- Required work: From the data that follows, print exactly the lines starting at the one containing "Line((30, -18.15), (27.5, -18.15))" and ending at the one containing "-15), (21.5477069044, -9.85))"; include both of them and nothing more.

** Provided information follows **

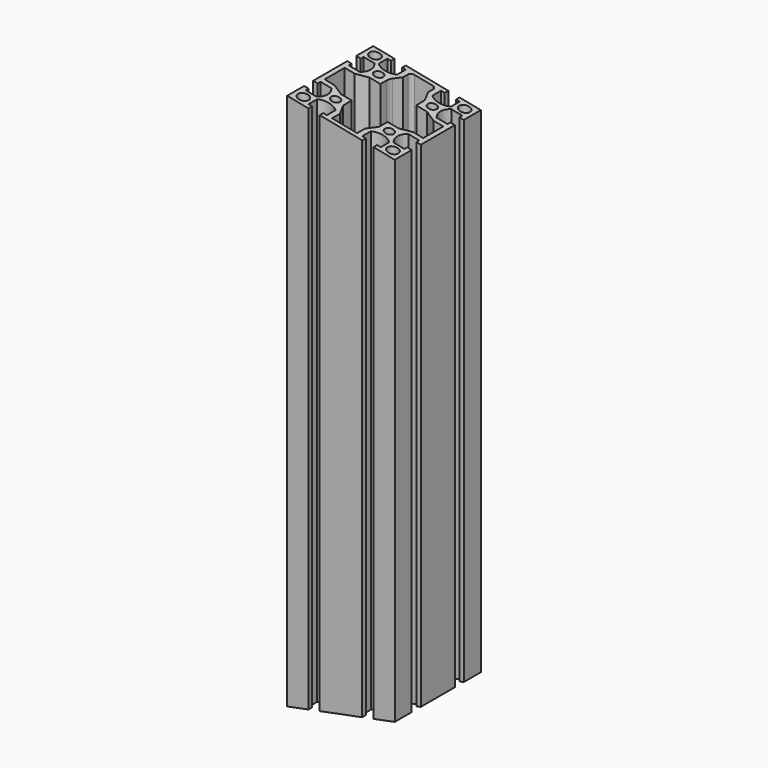
from build123d import *

# Parameters (mm, degrees)
F0_R          = 3
F0_R_2        = 2.5
F1_DEPTH      = 300
F2_R          = 2
F3_R          = 7
F6_DEPTH      = 30
F6_DEPTH_BACK = 30


# Not quite as in the source:
# - a feature names something its author has since deleted; it is built from what else it names


with BuildPart() as f1:
    # F0 (on Top) → F1 (new body)
    with BuildSketch(Plane.XY):
        with BuildLine():
            Line((18.15, -30), (30, -30))
            Line((30, -30), (30, -18.15))
            Line((30, -18.15), (27.5, -18.15))
            Line((27.5, -18.15), (27.5, -20.15))
            Line((27.5, -20.15), (21.5477069044, -20.15))
            ThreePointArc((21.5477069044, -20.15), (19.5, -15), (21.5477069044, -9.85))
            Line((21.5477069044, -9.85), (27.5, -9.85))
            Line((27.5, -9.85), (27.5, -11.85))
            Line((27.5, -11.85), (30, -11.85))
            Line((30, -11.85), (30, 11.85))
            Line((30, 11.85), (27.5, 11.85))
            Line((27.5, 11.85), (27.5, 9.85))
            Line((27.5, 9.85), (21.5477069044, 9.85))
            ThreePointArc((21.5477069044, 9.85), (19.5, 15), (21.5477069044, 20.15))
            Line((21.5477069044, 20.15), (27.5, 20.15))
            Line((27.5, 20.15), (27.5, 18.15))
            Line((27.5, 18.15), (30, 18.15))
            Line((30, 18.15), (30, 30))
            Line((30, 30), (18.15, 30))
            Line((18.15, 30), (18.15, 27.5))
            Line((18.15, 27.5), (20.15, 27.5))
            Line((20.15, 27.5), (20.15, 21.5477069044))
            ThreePointArc((20.15, 21.5477069044), (15, 19.5), (9.85, 21.5477069044))
            Line((9.85, 21.5477069044), (9.85, 27.5))
            Line((9.85, 27.5), (11.85, 27.5))
            Line((11.85, 27.5), (11.85, 30))
            Line((11.85, 30), (-11.85, 30))
            Line((-11.85, 30), (-11.85, 27.5))
            Line((-11.85, 27.5), (-9.85, 27.5))
            Line((-9.85, 27.5), (-9.85, 21.5477069044))
            ThreePointArc((-9.85, 21.5477069044), (-15, 19.5), (-20.15, 21.5477069044))
            Line((-20.15, 21.5477069044), (-20.15, 27.5))
            Line((-20.15, 27.5), (-18.15, 27.5))
            Line((-18.15, 27.5), (-18.15, 30))
            Line((-18.15, 30), (-30, 30))
            Line((-30, 30), (-30, 18.15))
            Line((-30, 18.15), (-27.5, 18.15))
            Line((-27.5, 18.15), (-27.5, 20.15))
            Line((-27.5, 20.15), (-21.5477069044, 20.15))
            ThreePointArc((-21.5477069044, 20.15), (-19.5, 15), (-21.5477069044, 9.85))
            Line((-21.5477069044, 9.85), (-27.5, 9.85))
            Line((-27.5, 9.85), (-27.5, 11.85))
            Line((-27.5, 11.85), (-30, 11.85))
            Line((-30, 11.85), (-30, -11.85))
            Line((-30, -11.85), (-27.5, -11.85))
            Line((-27.5, -11.85), (-27.5, -9.85))
            Line((-27.5, -9.85), (-21.5477069044, -9.85))
            ThreePointArc((-21.5477069044, -9.85), (-19.5, -15), (-21.5477069044, -20.15))
            Line((-21.5477069044, -20.15), (-27.5, -20.15))
            Line((-27.5, -20.15), (-27.5, -18.15))
            Line((-27.5, -18.15), (-30, -18.15))
            Line((-30, -18.15), (-30, -30))
            Line((-30, -30), (-18.15, -30))
            Line((-18.15, -30), (-18.15, -27.5))
            Line((-18.15, -27.5), (-20.15, -27.5))
            Line((-20.15, -27.5), (-20.15, -21.5477069044))
            ThreePointArc((-20.15, -21.5477069044), (-15, -19.5), (-9.85, -21.5477069044))
            Line((-9.85, -21.5477069044), (-9.85, -27.5))
            Line((-9.85, -27.5), (-11.85, -27.5))
            Line((-11.85, -27.5), (-11.85, -30))
            Line((-11.85, -30), (11.85, -30))
            Line((11.85, -30), (11.85, -27.5))
            Line((11.85, -27.5), (9.85, -27.5))
            Line((9.85, -27.5), (9.85, -21.5477069044))
            ThreePointArc((9.85, -21.5477069044), (15, -19.5), (20.15, -21.5477069044))
            Line((20.15, -21.5477069044), (20.15, -27.5))
            Line((20.15, -27.5), (18.15, -27.5))
            Line((18.15, -27.5), (18.15, -30))
        make_face()
        with Locations((-25, -25)):
            Circle(F0_R, mode=Mode.SUBTRACT)
        with Locations((-15, -15)):
            Circle(F0_R_2, mode=Mode.SUBTRACT)
        with Locations((25, -25)):
            Circle(F0_R, mode=Mode.SUBTRACT)
        with Locations((15, -15)):
            Circle(F0_R_2, mode=Mode.SUBTRACT)
        with Locations((-25, 25)):
            Circle(F0_R, mode=Mode.SUBTRACT)
        with Locations((-15, 15)):
            Circle(F0_R_2, mode=Mode.SUBTRACT)
        Polygon((-7, 22), (-7, 27.5), (0, 27.5), (7, 27.5), (7, 22), (10, 16), (10, 10), (16, 10), (22, 7), (27.5, 7), (27.5, 0), (27.5, -7), (22, -7), (16, -10), (10, -10), (10, -16), (7, -22), (7, -27.5), (0, -27.5), (-7, -27.5), (-7, -22), (-10, -16), (-10, -10), (-16, -10), (-22, -7), (-27.5, -7), (-27.5, 0), (-27.5, 7), (-22, 7), (-16, 10), (-10, 10), (-10, 16), align=None, mode=Mode.SUBTRACT)
        with Locations((15, 15)):
            Circle(F0_R_2, mode=Mode.SUBTRACT)
        with Locations((25, 25)):
            Circle(F0_R, mode=Mode.SUBTRACT)
    extrude(amount=F1_DEPTH)

    # F2
    f2_edges = [f1.edges().sort_by_distance(p)[0] for p in [
        (-7, 27.5, 150),
        (7, 27.5, 150),
    ]]
    fillet(f2_edges, radius=F2_R)

    # F3
    f3_edges = [f1.edges().sort_by_distance(p)[0] for p in [
        (-10, 16, 150),
        (10, 16, 150),
    ]]
    fillet(f3_edges, radius=F3_R)

    # F5 (on Front) → F6 (cut, two sides)
    with BuildSketch(Plane.XZ) as f6_sk:
        Polygon((-5.0746062651, -125.30841628), (210.6737913168, -82.3933917586), (185.748397582, 42.9150245214), (-30, 0), align=None)
        Polygon((73.2666294749, 279.4589902598), (110.3184495721, 465.7310686897), (7.0518200972, 486.2720784299), (-30, 300), align=None)
    extrude(amount=F6_DEPTH, mode=Mode.SUBTRACT)
    extrude(f6_sk.sketch, amount=-F6_DEPTH_BACK, mode=Mode.SUBTRACT)


solid = f1.part

** End of Provided information **

- Solution:
            Line((30, -18.15), (27.5, -18.15))
            Line((27.5, -18.15), (27.5, -20.15))
            Line((27.5, -20.15), (21.5477069044, -20.15))
            ThreePointArc((21.5477069044, -20.15), (19.5, -15), (21.5477069044, -9.85))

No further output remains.